What is more of a concern is who controls those servers on a daily basis. Or, more importantly, the information they relay. The thirteen root servers are actually owned by a number of different organizations--some commercial, some military--and provide the hosting as a volunteer service. Twelve of the thirteen servers get their information from a main file on an NSI computer. Yet the US Department of Commerce claims that it has authority over this file.[11] In the past, IANA was the organization that made most of the changes to the file.
One reason it is not very clear who controls the root is that it only contains pointers to the 252 TLDs. Changes are made relatively infrequently. A second reason is that it has never been clear. Maintenance has always been on an ad hoc, volunteer, community-minded basis. The US government is probably the de facto owner, since, directly or indirectly, they have been providing the funding for its maintenance, whether through ARPA, NSF, or university grants. [12,13]
However, control over where these pointers go determines who has control over each TLD domain. ICANN is slowly assuming control of the root file. Indeed, according to its own description, is organizes the use of IP numbers, DNS, protocol parameters, and port numbers used on the Internet. [14]
There remains a large debate on whether ICANN has legitimate claim to such root control. It is clear that ICANN now stands in a position to make DNS policy, thereby potentially affecting millions of Internet users. However, despite this power, there is little accountability to the public.
There are two possible sources of legitimacy. One is that the Department of Commerce has granted the US government's authority to ICANN. Admittedly, ICANN has structured itself like a federal agency. However, some people, such as A. Michael Froomkin, point out, this isn't sufficient. If the Department of Commerce is still maintaining its control over DNS policy, then it is illegally by-passing APA (Administrative Procedures Act) regulations. Yet if it has truly delegated authority, then ICANN, a private body, is unconstitutionally exercising public power. In either case, it has none of the checks to its power in place in other governing bodies. [15,16]
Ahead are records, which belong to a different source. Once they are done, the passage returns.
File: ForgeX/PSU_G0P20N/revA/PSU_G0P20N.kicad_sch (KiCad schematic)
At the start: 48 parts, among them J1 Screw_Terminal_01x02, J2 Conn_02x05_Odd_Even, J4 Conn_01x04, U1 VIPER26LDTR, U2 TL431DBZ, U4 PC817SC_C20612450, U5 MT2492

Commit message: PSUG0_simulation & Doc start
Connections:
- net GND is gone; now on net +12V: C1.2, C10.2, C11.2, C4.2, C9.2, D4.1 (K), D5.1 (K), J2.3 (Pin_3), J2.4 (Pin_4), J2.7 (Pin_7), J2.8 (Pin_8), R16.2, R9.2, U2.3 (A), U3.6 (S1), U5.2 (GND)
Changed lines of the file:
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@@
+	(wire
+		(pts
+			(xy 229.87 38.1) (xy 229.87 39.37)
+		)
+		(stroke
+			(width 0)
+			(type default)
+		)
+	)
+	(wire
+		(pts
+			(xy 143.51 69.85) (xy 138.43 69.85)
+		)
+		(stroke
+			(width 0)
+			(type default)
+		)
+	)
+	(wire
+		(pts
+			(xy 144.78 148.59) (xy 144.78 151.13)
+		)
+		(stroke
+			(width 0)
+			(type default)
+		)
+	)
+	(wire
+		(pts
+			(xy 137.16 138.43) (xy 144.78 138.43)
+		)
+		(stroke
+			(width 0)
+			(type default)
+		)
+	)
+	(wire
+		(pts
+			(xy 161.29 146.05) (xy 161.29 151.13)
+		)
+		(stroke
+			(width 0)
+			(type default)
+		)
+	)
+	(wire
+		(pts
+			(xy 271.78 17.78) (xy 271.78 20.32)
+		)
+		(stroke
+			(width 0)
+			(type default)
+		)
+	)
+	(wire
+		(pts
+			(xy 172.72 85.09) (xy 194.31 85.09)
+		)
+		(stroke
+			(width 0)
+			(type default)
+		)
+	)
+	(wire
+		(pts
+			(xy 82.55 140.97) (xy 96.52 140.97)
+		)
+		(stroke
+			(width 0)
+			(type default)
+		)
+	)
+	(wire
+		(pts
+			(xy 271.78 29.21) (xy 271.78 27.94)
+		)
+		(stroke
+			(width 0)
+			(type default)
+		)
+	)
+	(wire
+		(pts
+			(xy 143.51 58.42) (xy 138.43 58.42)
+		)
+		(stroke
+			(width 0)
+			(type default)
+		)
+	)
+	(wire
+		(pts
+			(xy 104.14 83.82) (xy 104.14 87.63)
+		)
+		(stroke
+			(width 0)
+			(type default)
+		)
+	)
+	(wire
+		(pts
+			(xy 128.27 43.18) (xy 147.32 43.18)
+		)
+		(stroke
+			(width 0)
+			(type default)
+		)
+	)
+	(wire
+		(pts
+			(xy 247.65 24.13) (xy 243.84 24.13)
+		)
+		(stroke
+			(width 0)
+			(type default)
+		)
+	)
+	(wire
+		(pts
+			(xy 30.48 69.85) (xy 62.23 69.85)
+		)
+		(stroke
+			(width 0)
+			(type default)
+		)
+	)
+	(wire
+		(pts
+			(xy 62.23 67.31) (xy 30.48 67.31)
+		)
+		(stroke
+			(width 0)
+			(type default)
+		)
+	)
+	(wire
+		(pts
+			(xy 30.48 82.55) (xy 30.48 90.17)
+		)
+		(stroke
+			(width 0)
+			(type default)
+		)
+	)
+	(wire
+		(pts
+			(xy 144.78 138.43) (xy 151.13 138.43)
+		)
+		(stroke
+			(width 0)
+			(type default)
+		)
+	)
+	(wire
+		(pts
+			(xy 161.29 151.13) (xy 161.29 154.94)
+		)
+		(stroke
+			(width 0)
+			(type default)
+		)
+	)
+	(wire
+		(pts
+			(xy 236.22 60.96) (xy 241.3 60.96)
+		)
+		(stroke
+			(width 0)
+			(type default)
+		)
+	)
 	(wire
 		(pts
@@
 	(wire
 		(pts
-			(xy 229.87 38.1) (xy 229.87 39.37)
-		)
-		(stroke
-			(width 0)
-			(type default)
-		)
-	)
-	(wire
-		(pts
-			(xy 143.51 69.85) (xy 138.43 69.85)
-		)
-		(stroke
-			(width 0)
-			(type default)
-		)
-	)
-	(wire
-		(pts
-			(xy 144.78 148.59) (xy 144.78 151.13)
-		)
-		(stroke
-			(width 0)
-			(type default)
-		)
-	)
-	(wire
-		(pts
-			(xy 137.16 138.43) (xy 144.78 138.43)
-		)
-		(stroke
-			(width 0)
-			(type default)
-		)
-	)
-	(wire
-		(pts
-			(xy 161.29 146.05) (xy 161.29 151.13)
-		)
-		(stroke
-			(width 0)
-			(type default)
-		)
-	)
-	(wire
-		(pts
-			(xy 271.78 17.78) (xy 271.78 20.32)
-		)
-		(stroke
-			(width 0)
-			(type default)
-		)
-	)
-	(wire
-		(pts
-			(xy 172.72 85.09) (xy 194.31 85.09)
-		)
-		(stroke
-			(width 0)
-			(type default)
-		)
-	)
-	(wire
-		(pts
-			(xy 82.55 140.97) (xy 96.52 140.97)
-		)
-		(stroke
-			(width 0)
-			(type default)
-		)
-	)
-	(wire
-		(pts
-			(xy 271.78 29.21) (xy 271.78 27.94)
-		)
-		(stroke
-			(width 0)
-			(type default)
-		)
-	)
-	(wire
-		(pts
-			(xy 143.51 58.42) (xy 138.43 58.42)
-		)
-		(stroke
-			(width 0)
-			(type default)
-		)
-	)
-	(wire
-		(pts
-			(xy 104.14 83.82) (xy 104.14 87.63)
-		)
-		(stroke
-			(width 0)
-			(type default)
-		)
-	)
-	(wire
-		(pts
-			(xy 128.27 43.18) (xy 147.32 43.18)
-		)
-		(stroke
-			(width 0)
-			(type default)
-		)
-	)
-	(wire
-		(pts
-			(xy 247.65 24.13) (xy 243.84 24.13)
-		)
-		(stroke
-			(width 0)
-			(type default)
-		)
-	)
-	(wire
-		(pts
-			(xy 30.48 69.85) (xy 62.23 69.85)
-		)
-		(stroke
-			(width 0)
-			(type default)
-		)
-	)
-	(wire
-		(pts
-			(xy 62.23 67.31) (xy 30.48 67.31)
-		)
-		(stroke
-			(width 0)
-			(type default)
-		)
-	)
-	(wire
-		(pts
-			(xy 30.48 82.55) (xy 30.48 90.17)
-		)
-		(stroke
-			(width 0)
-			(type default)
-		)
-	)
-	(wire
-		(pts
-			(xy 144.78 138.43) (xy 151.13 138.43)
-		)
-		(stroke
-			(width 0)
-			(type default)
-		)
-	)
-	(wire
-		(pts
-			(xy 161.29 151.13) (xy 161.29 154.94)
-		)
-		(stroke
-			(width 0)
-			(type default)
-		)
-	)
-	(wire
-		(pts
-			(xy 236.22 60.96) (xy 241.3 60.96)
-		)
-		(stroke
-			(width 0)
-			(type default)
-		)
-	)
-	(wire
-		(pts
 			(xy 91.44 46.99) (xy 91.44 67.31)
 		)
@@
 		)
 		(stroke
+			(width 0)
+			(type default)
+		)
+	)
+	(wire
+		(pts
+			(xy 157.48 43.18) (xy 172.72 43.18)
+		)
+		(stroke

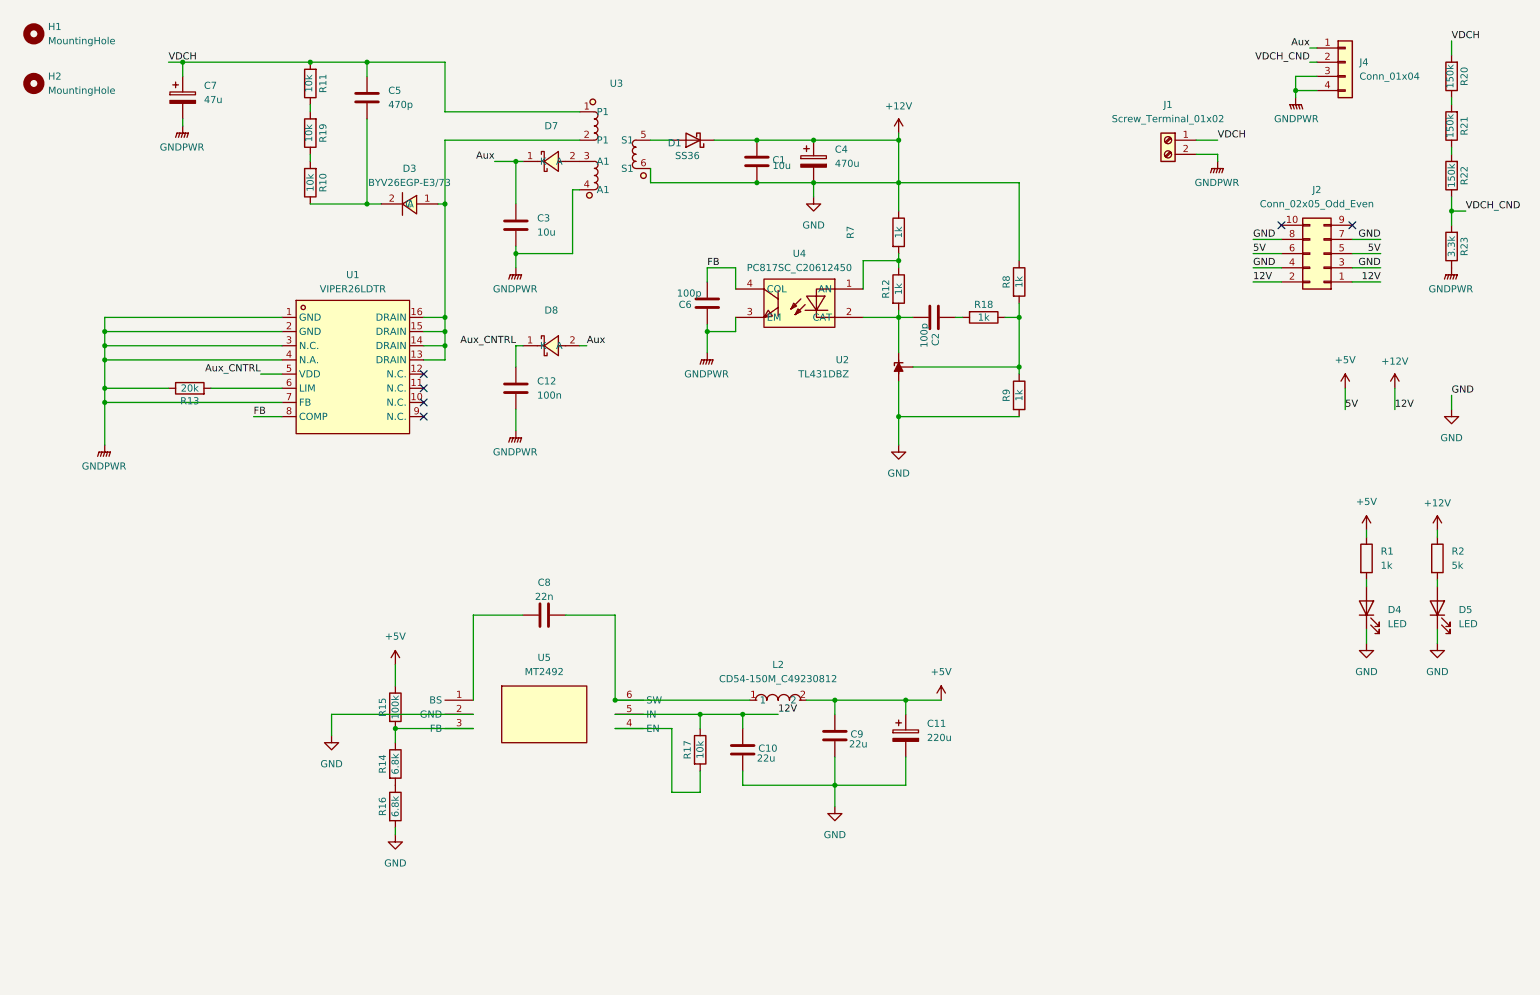
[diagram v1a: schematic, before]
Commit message: PSU Finalization
PSU Documentation semi finalized, sizing, and schematic and layout second pass semi final updates
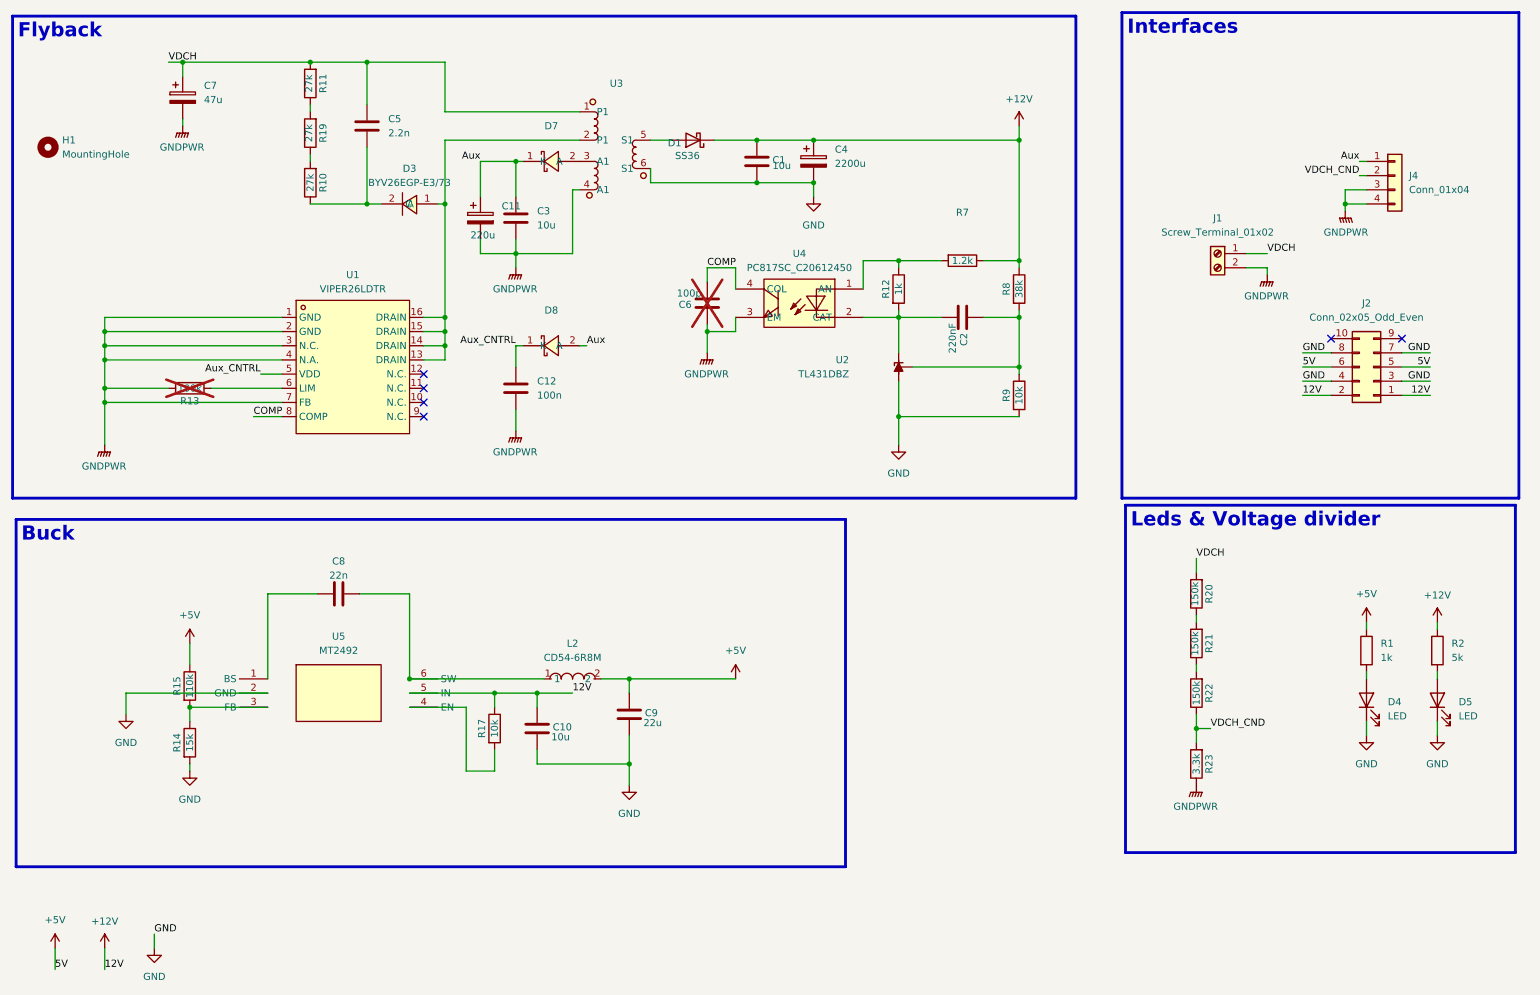
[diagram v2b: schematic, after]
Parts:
- removed H2: MountingHole, MountingHole:MountingHole_2.1mm, symbol Mechanical:MountingHole
- removed R16: 6.8k, Resistor_SMD:R_0603_1608Metric_Pad0.98x0.95mm_HandSolder, symbol Device:R
- removed R18: 1k, Resistor_SMD:R_0603_1608Metric_Pad0.98x0.95mm_HandSolder, symbol Device:R
- C10: value 22u -> 10u
- C11: footprint Capacitor_THT:CP_Radial_D10.0mm_P5.00mm -> Capacitor_THT:CP_Radial_D6.3mm_P2.50mm
- C2: value 100p -> 220nF
- C4: value 470u -> 2200u
- C5: value 470p -> 2.2n
- C6: now not fitted
- L2: value CD54-150M_C49230812 -> CD54-6R8M; LCSC Part C49230812 -> C7588992; MPN CD54-150M -> CD54-6R8M
- R10, R11, R19: value 10k -> 27k
- R13: value 20k -> 100k; now not fitted
- R14: value 6.8k -> 15k
- R15: value 100k -> 110k
- R7: value 1k -> 1.2k
- R8: value 1k -> 38k; Additional Info (none) -> 1%
- R9: value 1k -> 10k
- U3: footprint Libmain:E16 Trans -> Libmain:E22 Trans
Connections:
- net +12V: no longer C1.2, C10.2, C11.2, C4.2, C9.2, D4.1 (K), D5.1 (K), J2.3 (Pin_3), J2.4 (Pin_4), J2.7 (Pin_7), J2.8 (Pin_8), R9.2, U2.3 (A), U3.6 (S1), U5.2 (GND)
- net +5V: no longer C11.1
- net Aux: now also C11.1
- net GNDPWR: now also C11.2
- net at C2.1: now also R8.2, R9.1, U2.2 (REF)
- net GND: now reaches R14.2
- net GND: now also C1.2, C10.2, C4.2, C9.2, D4.1 (K), D5.1 (K), J2.3 (Pin_3), J2.4 (Pin_4), J2.7 (Pin_7), J2.8 (Pin_8), R9.2, U2.3 (A), U3.6 (S1), U5.2 (GND)
- net FB renamed COMP
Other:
- moved on the sheet: C10, C2, C3, C5, C8, C9, D4, D5, H1, J1, J2, J4

The other possibility is that ICANN's power really comes through the consensus of the Internet community, that the Internet public will simply agree to follow ICANN's suggestions. This is what ICANN itself implies, stating that it has no authority beyond what is given by consensus. [17]. To this end, five of their nineteen-member board are elected by the Internet public, though the process is somewhat involved. [18,19,20] At large site; governing]. Even though each of these five members is elected from a separate region of the world, few people have faith that ICANN's current structure can really represent the internet community as a whole [21] or that they can adequately judge whether they have consensus. [22]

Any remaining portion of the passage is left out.